## What you have to do
The records that follow are to be repeated in full, with no pictures retained.

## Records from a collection
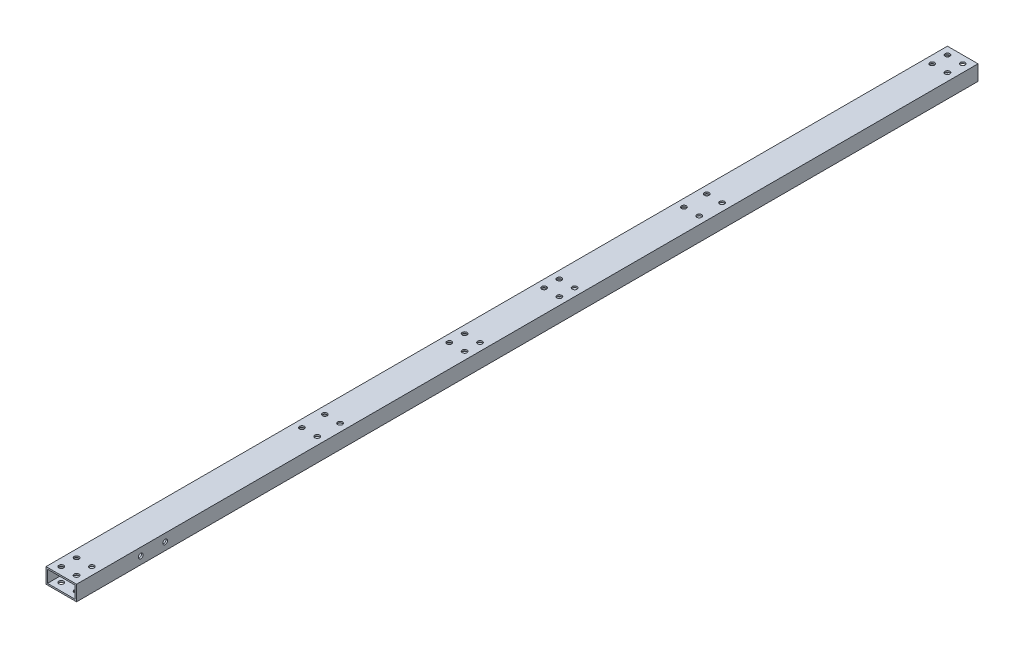
SolidWorks part; units mm, degrees
ref_plane "前视基准面" through (0, 0, 0) normal (0, 0, 1) x (1, 0, 0)
ref_plane "上视基准面" through (0, 0, 0) normal (0, 1, 0) x (1, 0, 0)
ref_plane "右视基准面" through (0, 0, 0) normal (1, 0, 0) x (0, 0, -1)
other "Configuration Table"
sketch "草图1" plane through (0, 0, 0) normal (0, 0, 1) x (1, 0, 0)
  line L1 (0, 0) -> (20, 0)
  line L2 (0, 0) -> (0, -10)
  line L3 (0, -10) -> (20, -10)
  line L4 (20, 0) -> (20, -10)
  dimension "D1" = 20
  dimension "D2" = 10
extrude "拉伸-薄壁1" add sketch "草图1" along normal blind 590 thin
sketch "草图2" plane through (0, -10, 0) normal (0, -1, 0) x (1, 0, 0)
  line L0 (0, 295) -> (20, 295) construction
  line L1 (0, 590) -> (0, 0) construction
  line L2 (20, 590) -> (20, 0) construction
  line L3 (0, 420) -> (20, 420) construction
  line L4 (10, 420) -> (10, 295) construction
  line L5 (0, 170) -> (20, 170) construction
  line L6 (10, 590) -> (10, 580) construction
  line L7 (0, 590) -> (20, 590) construction
  line L8 (10, 580) -> (0, 580) construction
  line L9 (10, 10) -> (0, 10) construction
  line L10 (10, 0) -> (10, 10) construction
  line L11 (0, 326) -> (20, 326) construction
  line L12 (0, 264) -> (20, 264) construction
  circle A0 centre (5, 412.5) radius 1.575
  circle A1 centre (15, 412.5) radius 1.575
  circle A2 centre (15, 427.5) radius 1.575
  circle A3 centre (5, 427.5) radius 1.575
  circle A4 centre (5, 162.5) radius 1.575
  circle A5 centre (15, 162.5) radius 1.575
  circle A6 centre (15, 177.5) radius 1.575
  circle A7 centre (5, 177.5) radius 1.575
  circle A8 centre (5, 585) radius 1.575
  circle A9 centre (15, 585) radius 1.575
  circle A10 centre (15, 575) radius 1.575
  circle A11 centre (5, 575) radius 1.575
  circle A12 centre (5, 15) radius 1.575
  circle A13 centre (15, 15) radius 1.575
  circle A14 centre (15, 5) radius 1.575
  circle A15 centre (5, 5) radius 1.575
  circle A16 centre (5, 331) radius 1.575
  circle A17 centre (15, 331) radius 1.575
  circle A18 centre (5, 321) radius 1.575
  circle A19 centre (15, 321) radius 1.575
  circle A20 centre (15, 269) radius 1.575
  circle A21 centre (5, 269) radius 1.575
  circle A22 centre (15, 259) radius 1.575
  circle A23 centre (5, 259) radius 1.575
  dimension "D2" = 3.15
  dimension "D6" = 3.15
  dimension "D9" = 3.15
  dimension "D1" = 125
  dimension "D3" = 7.5
  dimension "D4" = 5
  dimension "D5" = 10
  dimension "D7" = 5
  dimension "D8" = 5
  dimension "D10" = 31
  dimension "D11" = 5
  dimension "D12" = 5
extrude "切除-拉伸1" cut sketch "草图2" against normal through all
sketch "草图3" plane through (0, 0, 0) normal (-1, 0, 0) x (0, 0, 1)
  line L0 (540, 0) -> (540, -10) construction
  line L1 (590, 0) -> (0, 0) construction
  line L2 (590, -10) -> (0, -10) construction
  line L3 (590, 0) -> (590, -10) construction
  line L4 (590, -5) -> (0, -5) construction
  line L5 (0, 0) -> (0, -10) construction
  circle A0 centre (548, -5) radius 1.575
  circle A1 centre (532, -5) radius 1.575
  dimension "D2" = 3.15
  dimension "D1" = 50
  dimension "D3" = 8
extrude "切除-拉伸2" cut sketch "草图3" against normal through all
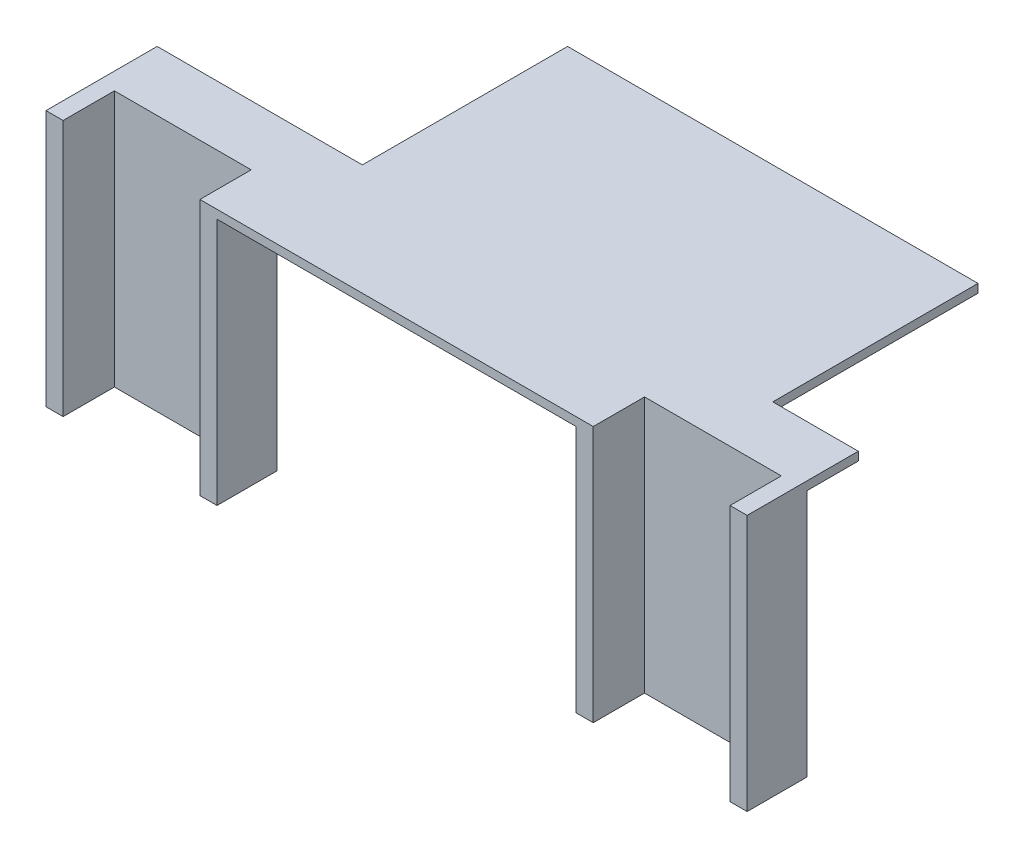
SolidWorks part; units mm, degrees
material "6063-O"
ref_plane "Front" through (0, 0, 0) normal (0, 0, 1) x (1, 0, 0)
ref_plane "Top" through (0, 0, 0) normal (0, 1, 0) x (1, 0, 0)
ref_plane "Right" through (0, 0, 0) normal (1, 0, 0) x (0, 0, -1)
sketch "Sketch1" plane through (0, 0, 0) normal (0, 0, 1) x (1, 0, 0)
  line L1 (0, 0) -> (410, 0)
  line L2 (0, 0) -> (0, 150)
  line L3 (0, 150) -> (410, 150)
  line L4 (410, 0) -> (410, 150)
  dimension "D1" = 150
  dimension "D2" = 410
extrude "Boss-Extrude1" add sketch "Sketch1" along normal blind 35
sketch "Sketch2" plane through (0, 0, 0) normal (0, 0, -1) x (-1, 0, 0)
  line L0 (0, 150) -> (0, 0) construction
  line L1 (-410, 150) -> (0, 150)
  line L2 (-410, 150) -> (-410, 145)
  line L3 (-410, 145) -> (0, 145)
  line L4 (0, 150) -> (0, 145)
  dimension "D1" = 5
extrude "Boss-Extrude2" add sketch "Sketch2" along normal blind 150
sketch "Sketch3" plane through (0, 0, 35) normal (0, 0, 1) x (1, 0, 0)
  line L0 (0, 0) -> (410, 0) construction
  line L1 (10, 0) -> (90, 0)
  line L2 (10, 0) -> (10, 150)
  line L3 (10, 150) -> (90, 150)
  line L4 (90, 0) -> (90, 150)
  line L5 (410, 150) -> (0, 150) construction
  line L6 (0, 150) -> (0, 0) construction
  line L7 (400, 0) -> (320, 0)
  line L8 (400, 0) -> (400, 150)
  line L9 (400, 150) -> (320, 150)
  line L10 (320, 0) -> (320, 150)
  line L11 (410, 0) -> (410, 150) construction
  dimension "D1" = 10
  dimension "D2" = 80
  dimension "D3" = 10
  dimension "D4" = 80
extrude "Cut-Extrude1" cut sketch "Sketch3" against normal blind 30
sketch "Sketch4" plane through (0, 0, 35) normal (0, 0, 1) x (1, 0, 0)
  line L0 (90, 0) -> (90, 150) construction
  line L1 (100, 145) -> (310, 145)
  line L2 (100, 145) -> (100, 0)
  line L3 (100, 0) -> (310, 0)
  line L4 (310, 145) -> (310, 0)
  line L5 (90, 0) -> (320, 0) construction
  line L6 (320, 150) -> (90, 150) construction
  line L7 (320, 150) -> (320, 0) construction
  dimension "D1" = 10
  dimension "D2" = 0
  dimension "D3" = 5
  dimension "D4" = 10
extrude "Cut-Extrude2" cut sketch "Sketch4" against normal blind 35
sketch "Sketch5" plane through (0, 150, 0) normal (0, 1, 0) x (1, 0, 0)
  line L1 (0, 150) -> (120, 150)
  line L2 (0, 150) -> (0, 30)
  line L3 (0, 30) -> (120, 30)
  line L4 (120, 150) -> (120, 30)
  dimension "D1" = 120
  dimension "D2" = 120
extrude "Cut-Extrude3" cut sketch "Sketch5" against normal blind 10
sketch "Sketch6" plane through (0, 150, 0) normal (0, 1, 0) x (1, 0, 0)
  line L1 (410, 150) -> (360, 150)
  line L2 (410, 150) -> (410, 30)
  line L3 (410, 30) -> (360, 30)
  line L4 (360, 150) -> (360, 30)
  dimension "D1" = 50
  dimension "D2" = 120
extrude "Cut-Extrude4" cut sketch "Sketch6" against normal blind 10
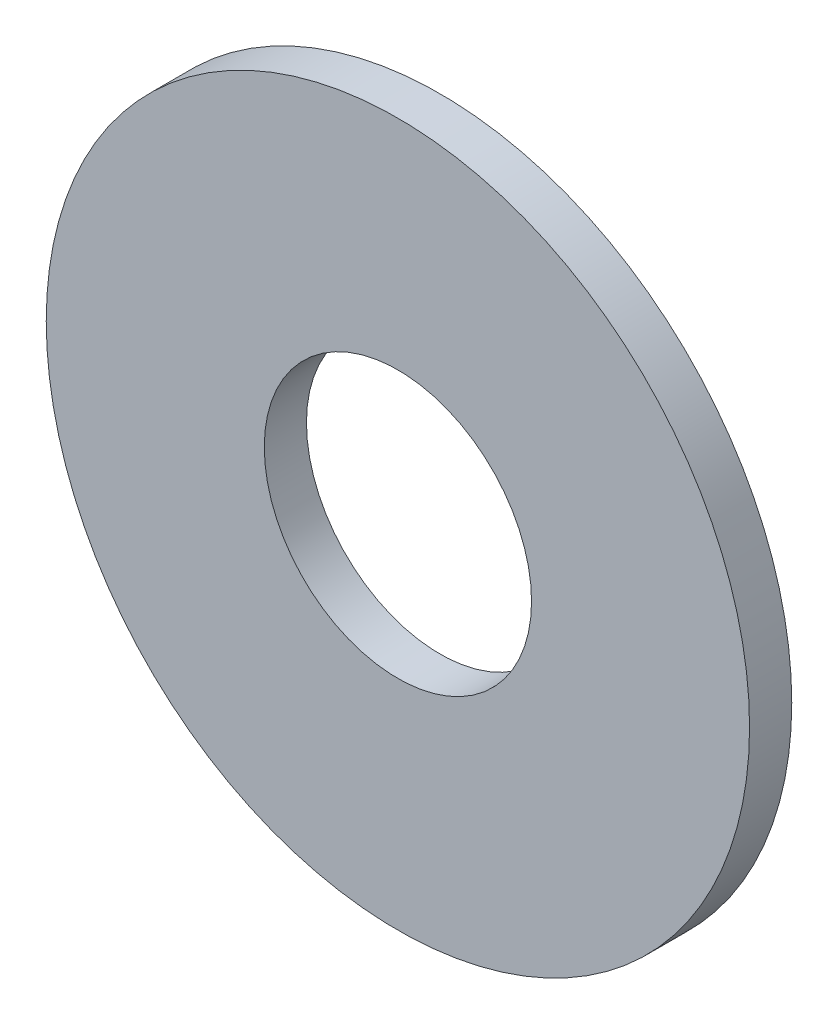
SolidWorks part; units mm, degrees
ref_plane "Front Plane" through (0, 0, 0) normal (0, 0, 1) x (1, 0, 0)
ref_plane "Top Plane" through (0, 0, 0) normal (0, 1, 0) x (1, 0, 0)
ref_plane "Right Plane" through (0, 0, 0) normal (1, 0, 0) x (0, 0, -1)
sketch "Sketch1" plane through (0, 0, 0) normal (0, 0, 1) x (1, 0, 0)
  circle A0 centre (0, 0) radius 9.5
  circle A1 centre (0, 0) radius 25
  dimension "D1" = 19
  dimension "D2" = 50
extrude "Boss-Extrude1" add sketch "Sketch1" along normal blind 3

## Response box
SolidWorks part; units mm, degrees
ref_plane "前视基准面" through (0, 0, 0) normal (0, 0, 1) x (1, 0, 0)
ref_plane "上视基准面" through (0, 0, 0) normal (0, 1, 0) x (1, 0, 0)
ref_plane "右视基准面" through (0, 0, 0) normal (1, 0, 0) x (0, 0, -1)
other "Configuration Table"
sketch "草图1" plane through (0, 0, 0) normal (0, 0, 1) x (1, 0, 0)
  line L1 (0, 0) -> (20, 0)
  line L2 (0, 0) -> (0, -10)
  line L3 (0, -10) -> (20, -10)
  line L4 (20, 0) -> (20, -10)
  dimension "D1" = 20
  dimension "D2" = 10
extrude "拉伸-薄壁1" add sketch "草图1" along normal blind 590 thin
sketch "草图2" plane through (0, -10, 0) normal (0, -1, 0) x (1, 0, 0)
  line L0 (0, 295) -> (20, 295) construction
  line L1 (0, 590) -> (0, 0) construction
  line L2 (20, 590) -> (20, 0) construction
  line L3 (0, 420) -> (20, 420) construction
  line L4 (10, 420) -> (10, 295) construction
  line L5 (0, 170) -> (20, 170) construction
  line L6 (10, 590) -> (10, 580) construction
  line L7 (0, 590) -> (20, 590) construction
  line L8 (10, 580) -> (0, 580) construction
  line L9 (10, 10) -> (0, 10) construction
  line L10 (10, 0) -> (10, 10) construction
  line L11 (0, 326) -> (20, 326) construction
  line L12 (0, 264) -> (20, 264) construction
  circle A0 centre (5, 412.5) radius 1.575
  circle A1 centre (15, 412.5) radius 1.575
  circle A2 centre (15, 427.5) radius 1.575
  circle A3 centre (5, 427.5) radius 1.575
  circle A4 centre (5, 162.5) radius 1.575
  circle A5 centre (15, 162.5) radius 1.575
  circle A6 centre (15, 177.5) radius 1.575
  circle A7 centre (5, 177.5) radius 1.575
  circle A8 centre (5, 585) radius 1.575
  circle A9 centre (15, 585) radius 1.575
  circle A10 centre (15, 575) radius 1.575
  circle A11 centre (5, 575) radius 1.575
  circle A12 centre (5, 15) radius 1.575
  circle A13 centre (15, 15) radius 1.575
  circle A14 centre (15, 5) radius 1.575
  circle A15 centre (5, 5) radius 1.575
  circle A16 centre (5, 331) radius 1.575
  circle A17 centre (15, 331) radius 1.575
  circle A18 centre (5, 321) radius 1.575
  circle A19 centre (15, 321) radius 1.575
  circle A20 centre (15, 269) radius 1.575
  circle A21 centre (5, 269) radius 1.575
  circle A22 centre (15, 259) radius 1.575
  circle A23 centre (5, 259) radius 1.575
  dimension "D2" = 3.15
  dimension "D6" = 3.15
  dimension "D9" = 3.15
  dimension "D1" = 125
  dimension "D3" = 7.5
  dimension "D4" = 5
  dimension "D5" = 10
  dimension "D7" = 5
  dimension "D8" = 5
  dimension "D10" = 31
  dimension "D11" = 5
  dimension "D12" = 5
extrude "切除-拉伸1" cut sketch "草图2" against normal through all
sketch "草图3" plane through (0, 0, 0) normal (-1, 0, 0) x (0, 0, 1)
  line L0 (540, 0) -> (540, -10) construction
  line L1 (590, 0) -> (0, 0) construction
  line L2 (590, -10) -> (0, -10) construction
  line L3 (590, 0) -> (590, -10) construction
  line L4 (590, -5) -> (0, -5) construction
  line L5 (0, 0) -> (0, -10) construction
  circle A0 centre (548, -5) radius 1.575
  circle A1 centre (532, -5) radius 1.575
  dimension "D2" = 3.15
  dimension "D1" = 50
  dimension "D3" = 8
extrude "切除-拉伸2" cut sketch "草图3" against normal through all
SolidWorks part; units mm, degrees
material "6063-O"
ref_plane "Front" through (0, 0, 0) normal (0, 0, 1) x (1, 0, 0)
ref_plane "Top" through (0, 0, 0) normal (0, 1, 0) x (1, 0, 0)
ref_plane "Right" through (0, 0, 0) normal (1, 0, 0) x (0, 0, -1)
sketch "Sketch1" plane through (0, 0, 0) normal (0, 0, 1) x (1, 0, 0)
  line L1 (0, 0) -> (410, 0)
  line L2 (0, 0) -> (0, 150)
  line L3 (0, 150) -> (410, 150)
  line L4 (410, 0) -> (410, 150)
  dimension "D1" = 150
  dimension "D2" = 410
extrude "Boss-Extrude1" add sketch "Sketch1" along normal blind 35
sketch "Sketch2" plane through (0, 0, 0) normal (0, 0, -1) x (-1, 0, 0)
  line L0 (0, 150) -> (0, 0) construction
  line L1 (-410, 150) -> (0, 150)
  line L2 (-410, 150) -> (-410, 145)
  line L3 (-410, 145) -> (0, 145)
  line L4 (0, 150) -> (0, 145)
  dimension "D1" = 5
extrude "Boss-Extrude2" add sketch "Sketch2" along normal blind 150
sketch "Sketch3" plane through (0, 0, 35) normal (0, 0, 1) x (1, 0, 0)
  line L0 (0, 0) -> (410, 0) construction
  line L1 (10, 0) -> (90, 0)
  line L2 (10, 0) -> (10, 150)
  line L3 (10, 150) -> (90, 150)
  line L4 (90, 0) -> (90, 150)
  line L5 (410, 150) -> (0, 150) construction
  line L6 (0, 150) -> (0, 0) construction
  line L7 (400, 0) -> (320, 0)
  line L8 (400, 0) -> (400, 150)
  line L9 (400, 150) -> (320, 150)
  line L10 (320, 0) -> (320, 150)
  line L11 (410, 0) -> (410, 150) construction
  dimension "D1" = 10
  dimension "D2" = 80
  dimension "D3" = 10
  dimension "D4" = 80
extrude "Cut-Extrude1" cut sketch "Sketch3" against normal blind 30
sketch "Sketch4" plane through (0, 0, 35) normal (0, 0, 1) x (1, 0, 0)
  line L0 (90, 0) -> (90, 150) construction
  line L1 (100, 145) -> (310, 145)
  line L2 (100, 145) -> (100, 0)
  line L3 (100, 0) -> (310, 0)
  line L4 (310, 145) -> (310, 0)
  line L5 (90, 0) -> (320, 0) construction
  line L6 (320, 150) -> (90, 150) construction
  line L7 (320, 150) -> (320, 0) construction
  dimension "D1" = 10
  dimension "D2" = 0
  dimension "D3" = 5
  dimension "D4" = 10
extrude "Cut-Extrude2" cut sketch "Sketch4" against normal blind 35
sketch "Sketch5" plane through (0, 150, 0) normal (0, 1, 0) x (1, 0, 0)
  line L1 (0, 150) -> (120, 150)
  line L2 (0, 150) -> (0, 30)
  line L3 (0, 30) -> (120, 30)
  line L4 (120, 150) -> (120, 30)
  dimension "D1" = 120
  dimension "D2" = 120
extrude "Cut-Extrude3" cut sketch "Sketch5" against normal blind 10
sketch "Sketch6" plane through (0, 150, 0) normal (0, 1, 0) x (1, 0, 0)
  line L1 (410, 150) -> (360, 150)
  line L2 (410, 150) -> (410, 30)
  line L3 (410, 30) -> (360, 30)
  line L4 (360, 150) -> (360, 30)
  dimension "D1" = 50
  dimension "D2" = 120
extrude "Cut-Extrude4" cut sketch "Sketch6" against normal blind 10
SolidWorks part; units mm, degrees
ref_plane "Front Plane" through (0, 0, 0) normal (0, 0, 1) x (1, 0, 0)
ref_plane "Top Plane" through (0, 0, 0) normal (0, 1, 0) x (1, 0, 0)
ref_plane "Right Plane" through (0, 0, 0) normal (1, 0, 0) x (0, 0, -1)
sketch "Sketch1" plane through (0, 0, 0) normal (0, 0, 1) x (1, 0, 0)
  circle A0 centre (0, 0) radius 9.5
  circle A1 centre (0, 0) radius 25
  dimension "D1" = 19
  dimension "D2" = 50
extrude "Boss-Extrude1" add sketch "Sketch1" along normal blind 3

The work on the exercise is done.